DATA IN THIS EXERCISE: Begin

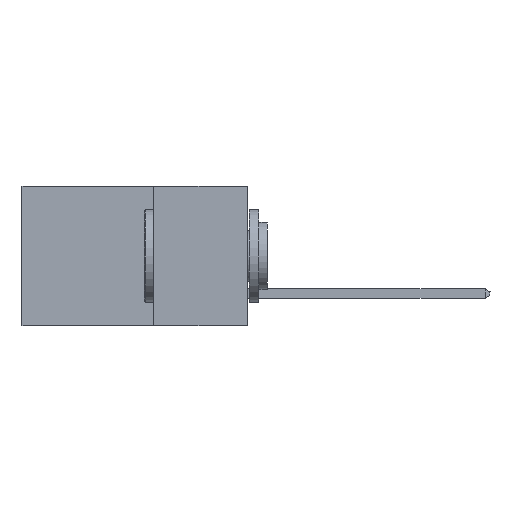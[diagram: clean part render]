
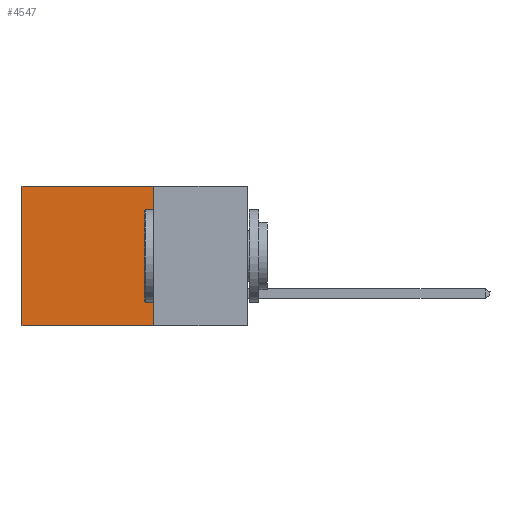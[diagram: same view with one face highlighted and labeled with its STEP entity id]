
A CAD part, left-side view. The second image highlights one B-rep face of the part: STEP entity #4547.
In plain terms, the highlighted planar face has unit normal (-1, 0, 0).
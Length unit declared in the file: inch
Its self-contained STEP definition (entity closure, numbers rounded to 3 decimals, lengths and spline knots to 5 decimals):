
#70 = EDGE_LOOP ( 'NONE', ( #157, #7281, #17901, #4845 ) ) ;
#157 = ORIENTED_EDGE ( 'NONE', *, *, #11050, .T. ) ;
#1379 = EDGE_CURVE ( 'NONE', #12575, #5127, #8682, .T. ) ;
#1485 = CARTESIAN_POINT ( 'NONE',  ( 0.2615, 0.6, -0.37 ) ) ;
#2323 = LINE ( 'NONE', #13881, #17055 ) ;
#3851 = DIRECTION ( 'NONE',  ( 0., 0., -1. ) ) ;
#4101 = CARTESIAN_POINT ( 'NONE',  ( 0.2615, 0.25, -0.37 ) ) ;
#4410 = DIRECTION ( 'NONE',  ( 0., 0., -1. ) ) ;
#4547 = ADVANCED_FACE ( 'NONE', ( #20973 ), #6046, .F. ) ;
#4731 = CARTESIAN_POINT ( 'NONE',  ( 0.2615, 0.25, -0.37 ) ) ;
#4812 = DIRECTION ( 'NONE',  ( 0., 1., 0. ) ) ;
#4845 = ORIENTED_EDGE ( 'NONE', *, *, #7345, .T. ) ;
#5127 = VERTEX_POINT ( 'NONE', #1485 ) ;
#6046 = PLANE ( 'NONE',  #13381 ) ;
#6371 = VECTOR ( 'NONE', #15345, 39.37008 ) ;
#7205 = EDGE_CURVE ( 'NONE', #11021, #12575, #2323, .T. ) ;
#7281 = ORIENTED_EDGE ( 'NONE', *, *, #1379, .F. ) ;
#7345 = EDGE_CURVE ( 'NONE', #11021, #13438, #20957, .T. ) ;
#7974 = CARTESIAN_POINT ( 'NONE',  ( 0.2615, 0.25, 0. ) ) ;
#8682 = LINE ( 'NONE', #4101, #6371 ) ;
#9072 = CARTESIAN_POINT ( 'NONE',  ( 0.2615, 0.25, -0.37 ) ) ;
#11021 = VERTEX_POINT ( 'NONE', #14852 ) ;
#11050 = EDGE_CURVE ( 'NONE', #13438, #5127, #16593, .T. ) ;
#11359 = DIRECTION ( 'NONE',  ( 0., 0., -1. ) ) ;
#11389 = CARTESIAN_POINT ( 'NONE',  ( 0.2615, 0.6, 0. ) ) ;
#12575 = VERTEX_POINT ( 'NONE', #9072 ) ;
#12600 = VECTOR ( 'NONE', #11359, 39.37008 ) ;
#12698 = DIRECTION ( 'NONE',  ( 1., 0., 0. ) ) ;
#13209 = CARTESIAN_POINT ( 'NONE',  ( 0.2615, 0.6, -0.37 ) ) ;
#13381 = AXIS2_PLACEMENT_3D ( 'NONE', #4731, #12698, #4410 ) ;
#13438 = VERTEX_POINT ( 'NONE', #11389 ) ;
#13881 = CARTESIAN_POINT ( 'NONE',  ( 0.2615, 0.25, -0.37 ) ) ;
#14852 = CARTESIAN_POINT ( 'NONE',  ( 0.2615, 0.25, 0. ) ) ;
#15345 = DIRECTION ( 'NONE',  ( 0., 1., 0. ) ) ;
#16593 = LINE ( 'NONE', #13209, #12600 ) ;
#17055 = VECTOR ( 'NONE', #3851, 39.37008 ) ;
#17901 = ORIENTED_EDGE ( 'NONE', *, *, #7205, .F. ) ;
#19844 = VECTOR ( 'NONE', #4812, 39.37008 ) ;
#20957 = LINE ( 'NONE', #7974, #19844 ) ;
#20973 = FACE_OUTER_BOUND ( 'NONE', #70, .T. ) ;

DATA IN THIS EXERCISE: End

EXERCISE AIM: The line containing "#4731 = CARTESIAN_POINT" marks the end: transcribe every line from the start of the listing up to and including it, minus the pictures.

ANSWER TO THE EXERCISE:
[diagram: clean part render]
[diagram: same view with one face highlighted and labeled with its STEP entity id]
A CAD part, left-side view. The second image highlights one B-rep face of the part: STEP entity #4547.
In plain terms, the highlighted planar face has unit normal (-1, 0, 0).
Length unit declared in the file: inch
Its self-contained STEP definition (entity closure, numbers rounded to 3 decimals, lengths and spline knots to 5 decimals):
#70 = EDGE_LOOP ( 'NONE', ( #157, #7281, #17901, #4845 ) ) ;
#157 = ORIENTED_EDGE ( 'NONE', *, *, #11050, .T. ) ;
#1379 = EDGE_CURVE ( 'NONE', #12575, #5127, #8682, .T. ) ;
#1485 = CARTESIAN_POINT ( 'NONE',  ( 0.2615, 0.6, -0.37 ) ) ;
#2323 = LINE ( 'NONE', #13881, #17055 ) ;
#3851 = DIRECTION ( 'NONE',  ( 0., 0., -1. ) ) ;
#4101 = CARTESIAN_POINT ( 'NONE',  ( 0.2615, 0.25, -0.37 ) ) ;
#4410 = DIRECTION ( 'NONE',  ( 0., 0., -1. ) ) ;
#4547 = ADVANCED_FACE ( 'NONE', ( #20973 ), #6046, .F. ) ;
#4731 = CARTESIAN_POINT ( 'NONE',  ( 0.2615, 0.25, -0.37 ) ) ;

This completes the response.